Thursday, 11 March 2010

Its chief, Rajendra Pachauri, was talking about the need for an internal review before the UN announced this external one

Venice_in_snowThere's little doubt, I think, that the forthcoming review of the Intergovernmental Panel on Climate Change (IPCC) can make quite a lot of difference to the organisation itself.

(This is the review that was demanded last month by ministers, and whose terms of reference and operating agency the UN has just announced, entrusting the running of it to the Inter-Academy Council, an umbrella body for science academies independent of the UN.)

Many scientists who have served in the IPCC believe its 22-year-old shape is no longer fit for purpose, and have said so publically.

Its chief, Rajendra Pachauri, was talking about the need for an internal review before the UN announced this external one; and it is surely impossible that there is nothing that can be improved in the working practices of an organisation that was conceived before instantaneous electronic distribution of information became the norm and before climate science became the political battleground it is now.

A bigger question is whether the review can have much impact outside the organisation.

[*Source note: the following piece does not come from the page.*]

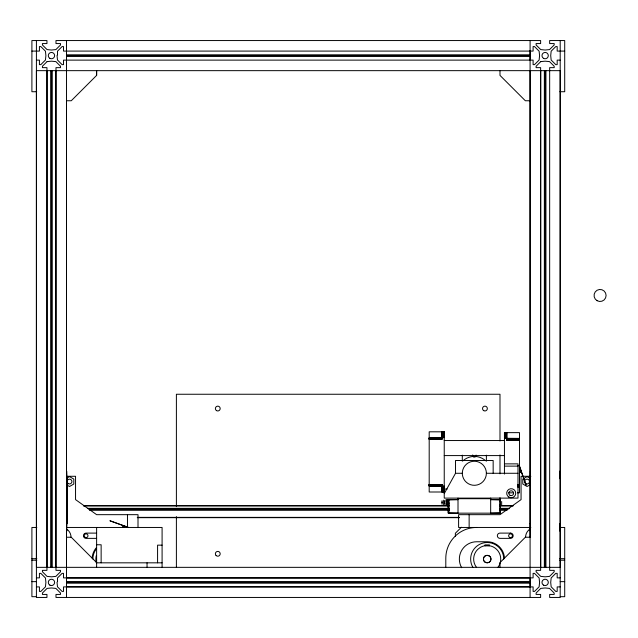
<?xml version="1.0" encoding="UTF-8"?>
<svg xmlns="http://www.w3.org/2000/svg" width="638" height="638" viewBox="0 0 638 638"><rect width="100%" height="100%" fill="white"/><g stroke="black" fill="none" stroke-linecap="round" stroke-linejoin="round"><path stroke-width="0.96" d="M66.519 567.341L66.519 100.517M66.799 523.623L66.799 478.62M66.934 530.393L66.631 531.143L66.934 523.623M96.617 75.396L96.617 70.658L96.617 75.396L71.257 100.756L66.519 100.756M448.227 499.913L458.012 499.618L448.227 499.61L448.227 512.856L458.012 513.159L458.012 498.709L490.67 498.709L490.67 513.159L500.455 512.856L500.455 499.913L490.67 499.618L500.455 499.61L500.455 513.159L448.227 513.159L448.227 501.492M444.239 493.597L455.524 473.276L455.524 460.484L493.158 460.484L493.158 473.276M530.09 587.319L530.09 577.478M530.09 537.483L530.09 70.658M530.09 60.522L530.09 50.681M530.393 523.623L530.393 531.143M559.893 523.623L559.893 531.143M490.909 559.654C490.407 564.096 483.245 563.537 483.437 559.063C483.253 554.231 491.14 554.231 490.957 559.063M461.386 527.235L455.365 533.256L455.365 536.231M66.95 478.085L69.526 476.602L73.817 479.074L73.817 484.027L69.526 486.507L66.95 485.016M530.513 484.521L527.084 486.507L522.793 484.027L522.793 479.074L527.084 476.602L530.513 478.58L530.09 478.62M484.936 545.817L489.458 545.817M31.9 51.088L39.428 51.088L39.428 46.574L40.84 46.574L45.45 51.184L45.896 55.602L45.45 60.028L40.84 64.637L39.428 64.637L39.428 60.124L36.414 60.124M564.71 51.088L557.181 51.088L557.181 46.574L555.77 46.574L551.16 51.184L550.714 55.602L551.16 60.028L555.77 64.637L557.181 64.637L557.181 60.124L560.196 60.124M66.519 54.82L530.09 54.82M66.519 55.602L530.09 55.602M66.519 56.391L530.09 56.391M36.693 91.728L31.9 91.728L31.9 40.553L46.949 40.553L46.949 43.567L42.435 43.567L42.435 44.979L47.045 49.589L51.463 50.035L55.889 49.589L60.498 44.979L60.498 43.567L55.985 43.567L55.985 40.553L540.625 40.553L540.625 43.567L536.111 43.567L536.111 44.979L540.721 49.589L545.147 50.035L549.565 49.589L554.175 44.979L554.175 43.567L549.661 43.567L549.661 40.553L564.71 40.553L564.71 91.728L559.917 91.728M530.09 100.756L525.353 100.756L499.993 75.396L499.993 70.658M441.982 431.926L444.239 431.974M441.982 432.046L444.239 432.038M441.982 432.157L444.239 432.269M441.982 432.333L444.239 432.333M441.982 432.468L444.239 432.468M441.982 432.58L444.239 432.58M441.982 432.787L444.239 432.787M504.443 432.708L506.7 432.803L504.443 432.843M441.982 432.947L444.239 432.947M504.443 432.963L506.7 433.05M441.982 433.122L444.239 433.122M504.443 433.178L506.7 433.178M504.443 433.242L506.7 433.242M441.982 433.425L444.239 433.425M504.443 433.369L506.7 433.369M441.982 433.617L444.239 433.545M504.443 433.553L506.7 433.553M441.982 433.712L444.239 433.688M504.443 433.696L506.7 433.696M441.982 433.84L444.239 433.8M444.239 433.952L441.982 434L444.239 434.047M504.443 433.928L506.7 433.928M441.982 434.207L444.239 434.255M504.443 434.191L506.7 434.191M441.982 434.319L444.239 434.319M504.443 434.334L506.7 434.382M441.982 434.43L444.239 434.486M504.443 434.446L506.7 434.534M441.982 434.606L444.239 434.606M504.443 434.598L506.7 434.661M441.982 434.725L444.239 434.773M504.443 434.781L506.7 434.701M441.982 434.893L444.239 434.893L441.982 435.036M504.443 434.829L506.7 434.877M504.443 435.036L506.7 435.036L504.443 435.148M441.982 435.252L444.239 435.291L441.982 435.355M504.443 435.315L506.7 435.26M504.443 435.435L506.7 435.379M441.982 435.531L444.239 435.531M504.443 435.602L506.7 435.555M441.982 435.69L444.239 435.65M504.443 435.722L506.7 435.722M441.982 435.858L444.239 435.858M504.443 435.794L506.7 435.866M441.982 435.89L444.239 435.89M441.982 436.105L444.239 436.105L441.982 436.256M504.443 436.121L506.7 436.081M441.982 436.376L444.239 436.376M504.443 436.328L506.7 436.288M441.982 436.536L444.239 436.424M504.443 436.44L506.7 436.44M441.982 436.655L444.239 436.591M504.443 436.615L506.7 436.615M441.982 436.711L444.239 436.711M504.443 436.719L506.7 436.679M441.982 436.934L444.239 436.886M504.443 436.934L506.7 436.934M504.443 437.006L506.7 437.006M441.982 437.19L444.239 437.142M504.443 437.086L506.7 437.205L504.443 437.245M441.982 437.309L444.239 437.277M441.982 437.437L444.239 437.461M504.443 437.421L506.7 437.365M441.982 437.604L444.239 437.501M504.443 437.485L506.7 437.54M429.191 437.724L444.239 437.62M504.443 437.66L506.7 437.716L504.443 437.764M504.443 437.931L506.7 437.971M429.191 438.027L441.982 438.027M504.443 438.019L506.7 438.099M429.191 438.194L441.982 438.194M504.443 438.21L506.7 438.266M429.191 438.362L441.982 438.362M429.191 438.561L441.982 438.561M506.7 438.609L519.491 438.609M429.191 438.681L441.982 438.681M429.191 438.88L441.982 438.816M506.7 438.872L519.491 438.872M429.191 438.984L441.982 438.984M429.191 439.175L441.982 439.103M506.7 439.103L519.491 439.103M429.191 439.335L441.982 439.335L441.982 431.814M506.7 439.247L519.491 439.247M506.7 439.43L519.491 439.43M506.7 439.558L519.491 439.558M506.7 439.63L519.491 439.63M506.7 439.837L519.491 439.749M506.7 439.965L519.491 439.965M506.7 440.037L519.491 440.092L506.7 440.156L506.7 432.644M444.239 440.539L504.443 440.539M473.882 457.023A1.874 1.874 0 0 1 472.75 456.154L472.822 455.213A1.547 1.547 0 0 0 474.369 456.76A1.547 1.547 0 0 0 475.916 455.213M444.239 455.588L504.443 455.588M504.443 463.866L517.992 463.866L517.992 498.111L444.239 498.111L444.239 431.822L429.191 431.814L429.191 492.01L444.239 491.994L441.982 491.85M517.689 465.58L519.491 465.58L519.491 484.545L517.689 484.545M504.443 466.123L517.992 466.123M519.491 470.996L520.999 470.996L520.999 472.503L519.491 472.503M455.524 473.276L462.303 473.276M486.379 473.276A12.042 12.042 0 0 0 468.324 462.845A12.042 12.042 0 0 0 468.324 483.7A12.042 12.042 0 0 0 486.379 473.276L517.992 473.276M66.703 476.283L75.547 476.283L75.547 499.61L96.617 514.667L138.007 514.667L138.007 527.459M530.888 476.283L521.063 476.283L521.063 499.61L499.993 514.667L458.602 514.667L458.602 527.459L530.848 527.459M559.757 478.62L560.196 478.62M429.191 484.489L441.982 484.497L441.982 492.002M429.191 484.617L441.982 484.561M429.191 484.689L441.982 484.689M429.191 484.904L441.982 484.816M429.191 485.024L441.982 485.024M429.191 485.095L441.982 485.095M429.191 485.223L441.982 485.223M517.53 485.319L519.491 485.319M429.191 485.406L441.982 485.406M517.53 485.39L519.491 485.335M429.191 485.55L441.982 485.55M517.53 485.55L519.491 485.478M517.53 485.67L519.491 485.67M429.191 485.781L441.982 485.781M517.53 485.837L519.491 485.773M517.53 485.973L519.491 485.973M429.191 486.044L441.982 486.044M517.53 486.092L519.491 486.092M429.191 486.18L444.239 486.228L441.982 486.3M517.53 486.292L519.491 486.292M441.982 486.475L444.239 486.515M517.53 486.459L519.491 486.459M441.982 486.555L444.239 486.635L441.982 486.722M517.53 486.627L519.491 486.627M441.982 486.89L444.239 486.89M441.982 486.938L444.239 486.993M517.53 486.93L519.491 486.93M441.982 487.113L444.239 487.169M441.982 487.233L444.239 487.288M441.982 487.4L444.239 487.448M441.982 487.568L444.239 487.568M441.982 487.719L444.239 487.639M441.982 487.934L444.239 487.966M441.982 488.038L444.239 488.038M441.982 488.214L444.239 488.214M441.982 488.325L444.239 488.365M441.982 488.533L444.239 488.572M441.982 488.788L444.239 488.86M441.982 488.931L444.239 488.931M441.982 489.099L447.174 489.075M441.982 489.218L444.239 489.274M441.982 489.338L444.239 489.394M441.982 489.569L444.239 489.505M441.982 489.617L444.239 489.617M441.982 490.319L444.239 490.255M441.982 490.455L444.239 490.455M441.982 490.726L444.239 490.726M441.982 490.957L444.239 490.957M441.982 491.1L444.239 491.1M441.982 491.276L444.239 491.276M441.982 491.603L444.239 491.691M441.982 491.778L444.239 491.81M508.669 492.831L513.59 492.839M517.53 492.831L519.491 492.839L519.491 432.636L504.443 432.644L504.443 474.074M446.042 501.029L447.613 501.029M447.023 503.374L448.833 503.374M446.042 503.916L447.613 503.916M447.613 505.36L446.042 505.36L446.042 499.578L447.613 499.578L447.613 501.915M448.227 505.479L448.977 505.479M499.706 505.479L500.455 505.479M83.506 505.631L449.311 505.631M500.152 505.631L513.104 505.631M83.506 505.934L449.311 505.934M500.152 505.934L513.104 505.934M87.486 508.326L449.311 508.326M500.152 508.326L509.124 508.326M448.227 508.494L448.977 508.494M499.706 508.494L500.455 508.494M88.483 508.781L449.311 508.781M500.152 508.781L509.124 508.781M89.48 509.682L449.311 509.682M500.152 509.682L507.13 509.682M448.227 510.001L448.977 510.001M499.706 510.001L500.455 510.001M89.48 510.137L449.311 510.137M500.152 510.137L507.13 510.137M137.329 517.37L459.28 517.37M137.329 517.673L459.28 517.673M66.631 523.623L67.237 523.623L67.237 478.62L66.631 478.62L66.631 471.091L66.934 478.62M530.09 523.623L530.529 523.623M559.757 523.623L560.196 523.623M36.845 527.459L31.9 527.459L31.9 596.69L36.414 596.69M66.519 527.459L162.092 527.459L162.092 567.341M559.765 527.459L564.71 527.459L564.71 596.69L560.196 596.69M96.617 533.105L86.082 533.105A2.632 2.632 0 0 0 83.45 535.737A2.632 2.632 0 0 0 86.082 538.368L96.617 538.368M66.519 537.244L71.257 537.244L96.617 562.604M530.09 537.244L525.353 537.244L499.993 562.604L499.993 567.341M96.617 544.764L101.139 544.764L101.139 562.828M484.936 544.9L489.458 544.9M162.092 545.147L157.578 545.147L157.578 562.828M31.9 558.689L36.845 558.689M559.765 558.689L564.71 558.689M31.9 560.196L36.845 560.196M559.765 560.196L564.71 560.196M96.617 562.828L162.092 562.828M36.414 577.876L39.428 577.876L39.428 573.363L40.84 573.363L45.45 577.972L45.896 582.398L45.45 586.816L40.84 591.426L39.428 591.426L39.428 586.912L36.414 586.912M560.196 577.876L557.181 577.876L557.181 573.363L555.77 573.363L551.16 577.972L550.714 582.398L551.16 586.816L555.77 591.426L557.181 591.426L557.181 586.912L560.196 586.912M66.519 577.972L530.09 577.972M31.9 581.641L36.414 581.641M66.519 581.609L530.09 581.609M560.196 581.641L564.71 581.641M66.519 582.398L530.09 582.398M66.519 583.18L530.09 583.18M66.519 586.816L530.09 586.816M472.495 455.213L472.75 456.154M472.822 455.213L472.87 455.62M560.196 40.553L560.196 597.447L549.661 597.447L549.661 594.433L554.175 594.433L554.175 593.021L549.565 588.411L545.147 587.965L540.721 588.411L536.111 593.021L536.111 594.433L540.625 594.433L540.625 597.447L55.985 597.447L55.985 594.433L60.498 594.433L60.498 593.021L55.889 588.411L51.463 587.965L47.045 588.411L42.435 593.021L42.435 594.433L46.949 594.433L46.949 597.447L36.414 597.447L36.414 40.553M559.893 471.091L559.893 478.62M545.929 70.658L545.929 567.341M545.147 70.658L545.147 567.341M544.358 70.658L544.358 567.341M540.721 70.658L540.721 567.341M530.393 471.091L530.393 478.62M530.09 40.553L530.09 597.447M501.659 501.492L501.659 505.256M499.993 441.01L499.993 394.252L176.391 394.252L176.391 506.66M499.993 454.934L499.993 473.835M499.993 497.712L499.993 501.691M499.993 504.674L499.993 506.66M499.706 499.61L499.706 512.856M490.67 498.111L490.67 499.315M486.379 455.141L486.379 461.194M469.137 514.667L469.137 527.459M462.303 455.141L462.303 461.194M458.012 498.111L458.012 499.315M448.977 499.913L448.977 512.856M448.833 502.074L448.833 504.682M447.023 501.492L447.023 505.256M445.803 567.118L445.803 558.314A30.855 30.855 0 0 1 476.658 527.459M444.399 500.686L444.399 504.251M443.689 500.184L443.689 504.754M442.046 500.686L442.046 504.251M442.006 501.962L442.006 502.975M176.391 516.613L176.391 567.341M147.043 562.828L147.043 567.341M127.472 514.667L127.472 527.459M124.099 527.459L124.099 525.951L122.592 525.951L122.592 527.459M96.617 527.459L96.617 567.341M66.519 40.553L66.519 597.447M55.889 70.658L55.889 567.341M52.252 70.658L52.252 567.341M51.463 70.658L51.463 567.341M50.681 70.658L50.681 567.341M47.045 70.658L47.045 567.341M525.576 537.244A9.785 9.785 0 0 1 530.465 528.766M66.862 529.229A9.785 9.785 0 0 1 71.033 537.244M504.483 558.162A17.306 17.306 0 0 0 487.193 541.758L476.658 541.758A17.306 17.306 0 0 0 461.673 567.716M92.127 558.162A17.306 17.306 0 0 1 96.553 547.484M463.06 460.748A16.859 16.859 0 0 1 485.622 460.748M476.243 455.213A1.874 1.874 0 0 1 474.855 457.023M96.33 562.572A13.55 13.55 0 0 1 96.33 555.562M92.861 559.063A16.556 16.556 0 0 1 96.545 548.648M497.943 567.31A13.55 13.55 0 0 0 480.422 547.332L477.615 549.485A13.55 13.55 0 0 0 476.45 567.31M472.862 567.341A16.556 16.556 0 0 1 482.91 543.074A16.556 16.556 0 0 1 503.749 559.063M36.414 70.658L36.414 567.341L560.196 567.341L560.196 70.658L36.414 70.658M110.055 520.815L128.461 527.459L110.055 520.815M57.484 54.82L57.037 55.602L57.484 60.028L62.093 64.637L63.505 64.637L63.505 60.124L533.105 60.124L533.105 64.637L534.516 64.637L539.126 60.028L539.573 55.602L539.126 51.184L534.516 46.574L533.105 46.574L533.105 51.088L63.505 51.088L63.505 46.574L62.093 46.574L57.484 51.184L57.484 54.82M57.484 581.609L57.037 582.398L57.484 586.816L62.093 591.426L63.505 591.426L63.505 586.912L533.105 586.912L533.105 591.426L534.516 591.426L539.126 586.816L539.573 582.398L539.126 577.972L534.516 573.363L533.105 573.363L533.105 577.876L63.505 577.876L63.505 573.363L62.093 573.363L57.484 577.972L57.484 581.609M47.045 61.623L42.435 66.232L42.435 67.644L46.949 67.644L46.949 570.356L42.435 570.356L42.435 571.768L47.045 576.377L51.463 576.824L55.889 576.377L60.498 571.768L60.498 570.356L55.985 570.356L55.985 67.644L60.498 67.644L60.498 66.232L55.889 61.623L51.463 61.176L47.045 61.623M540.721 61.623L536.111 66.232L536.111 67.644L540.625 67.644L540.625 570.356L536.111 570.356L536.111 571.768L540.721 576.377L545.147 576.824L549.565 576.377L554.175 571.768L554.175 570.356L549.661 570.356L549.661 67.644L554.175 67.644L554.175 66.232L549.565 61.623L545.147 61.176L540.721 61.623M519.635 466.585L525.991 485.087L519.635 466.585M519.491 438.402L504.443 438.378L519.491 438.473M444.239 491.412L441.982 491.412L444.239 491.475M510.528 533.105L499.993 533.105A2.632 2.632 0 0 0 497.353 535.737A2.632 2.632 0 0 0 499.993 538.368L510.528 538.368A2.632 2.632 0 0 0 513.159 535.737A2.632 2.632 0 0 0 510.528 533.105M68.322 483.636A2.408 2.408 0 0 0 71.934 481.554A2.408 2.408 0 0 0 68.322 479.465A2.408 2.408 0 0 0 68.322 483.636M525.879 483.636A2.408 2.408 0 0 0 529.492 481.554A2.408 2.408 0 0 0 525.879 479.465A2.408 2.408 0 0 0 525.879 483.636M508.957 497.13A4.514 4.514 0 0 0 515.735 493.214A4.514 4.514 0 0 0 508.957 489.306A4.514 4.514 0 0 0 508.957 497.13M510.009 495.303A2.408 2.408 0 0 0 513.622 493.214A2.408 2.408 0 0 0 510.009 491.132A2.408 2.408 0 0 0 510.009 495.303M84.742 537.076A1.898 1.898 0 0 0 87.916 536.231A1.898 1.898 0 0 0 85.596 533.902A1.898 1.898 0 0 0 84.742 537.076M484.537 561.727A3.764 3.764 0 0 0 490.829 560.036A3.764 3.764 0 0 0 486.22 555.427A3.764 3.764 0 0 0 484.537 561.727M509.579 537.379A1.898 1.898 0 0 0 512.426 535.737A1.898 1.898 0 0 0 509.579 534.094A1.898 1.898 0 0 0 509.579 537.379M216.075 555.499A2.408 2.408 0 0 0 220.11 554.422A2.408 2.408 0 0 0 217.159 551.471A2.408 2.408 0 0 0 216.075 555.499M216.577 410.641A2.408 2.408 0 0 0 220.19 408.551A2.408 2.408 0 0 0 216.577 406.47A2.408 2.408 0 0 0 216.577 410.641M483.732 410.641A2.408 2.408 0 0 0 487.344 408.551A2.408 2.408 0 0 0 483.732 406.47A2.408 2.408 0 0 0 483.732 410.641M597.072 300.689A6.021 6.021 0 0 0 606.1 295.474A6.021 6.021 0 0 0 597.072 290.258A6.021 6.021 0 0 0 597.072 300.689M543.56 58.345A3.158 3.158 0 0 0 548.305 55.602A3.158 3.158 0 0 0 543.56 52.866A3.158 3.158 0 0 0 543.56 58.345M49.884 58.345A3.158 3.158 0 0 0 54.629 55.602A3.158 3.158 0 0 0 49.884 52.866A3.158 3.158 0 0 0 49.884 58.345M543.56 585.134A3.158 3.158 0 0 0 548.305 582.398A3.158 3.158 0 0 0 543.56 579.655A3.158 3.158 0 0 0 543.56 585.134M49.884 585.134A3.158 3.158 0 0 0 54.629 582.398A3.158 3.158 0 0 0 49.884 579.655A3.158 3.158 0 0 0 49.884 585.134"/></g></svg>

Will governments be any keener to act on the recommendations of a reformed IPCC? Will the public find its currently rather impenetrable phraseology easier to decipher? Will it be more widely trusted?

It's possible to divide published opinions on the issue into three broad categories: those who are only concerned with getting the message across that man-made climate change is an over-riding threat requiring urgent action, those who are concerned about the issue but are more concerned by what they see as lack of rigour and transparency within the IPCC, and those who are convinced that global warming is a fraud anyway and the IPCC one of the lead swindlers.

Ban_Ki-moonThose in the first group are unlikely to be influenced by the review, even if it eventually contains damning passages.

Those in the third group are unlikely to be swayed by anything praiseworthy; in fact I have e-mails coming in right now that are already assuring me that the review will be a whitewash, which is I suppose a logical conclusion if your frame of reference is that everything about climate change is just a conspiracy.

It's the second group that intrigues me, including as it does some pretty smart and independent-minded people.

Most are yet to comment. One who has, Roger Pielke Jr, describes what we know about the review so far as a "good start", but has some words of caution as well. I'll be watching the blogosphere and the op-ed-o-sphere with interest over the next couple of days to see what other thoughts come up.

One issue that was raised at the UN news conference - who raised it I cannot tell, as I listened to the conference remotely in London - was how independent the scientists on the Inter-Academy Council's review panel will be from the scientists who contributed work to the IPCC in the first place.

It's a natural question to ask. There's clearly a chance that the first people you would think of to take part in such a panel would be the most eminent climate scientists of the day, and they're wholly likely to have been intimately involved with the IPCC at some juncture.

There's also the wider point that some of the institutions involved with the Inter-Academy Council, such as the UK's Royal Society, have taken a very public stance on climate change.

But to assume this will automatically cause problems for the review is, I think, to misunderstand its nature and purpose.

It is not a review of climate science - some would say it ought to be, but it isn't, it's a review of IPCC practice - and it will surely draw more interesting and meaningful conclusions through involving scientists working in completely different fields, with experiences of completely different collating organisations.

They do exist; medicine alone has many. One that provides an interesting comparison is the Cochrane Review process, which aims to provide something analogous to IPCC reports - regular assessments of the evidence base on its chosen subject - but works very differently.

Will the Inter-Academy Council choose to make use of expertise from fields apparently unrelated to climate science? We shall see - and that, perhaps, will be one of the factors that determines how meaningful and visionary the review turns out to be, and how it is eventually perceived.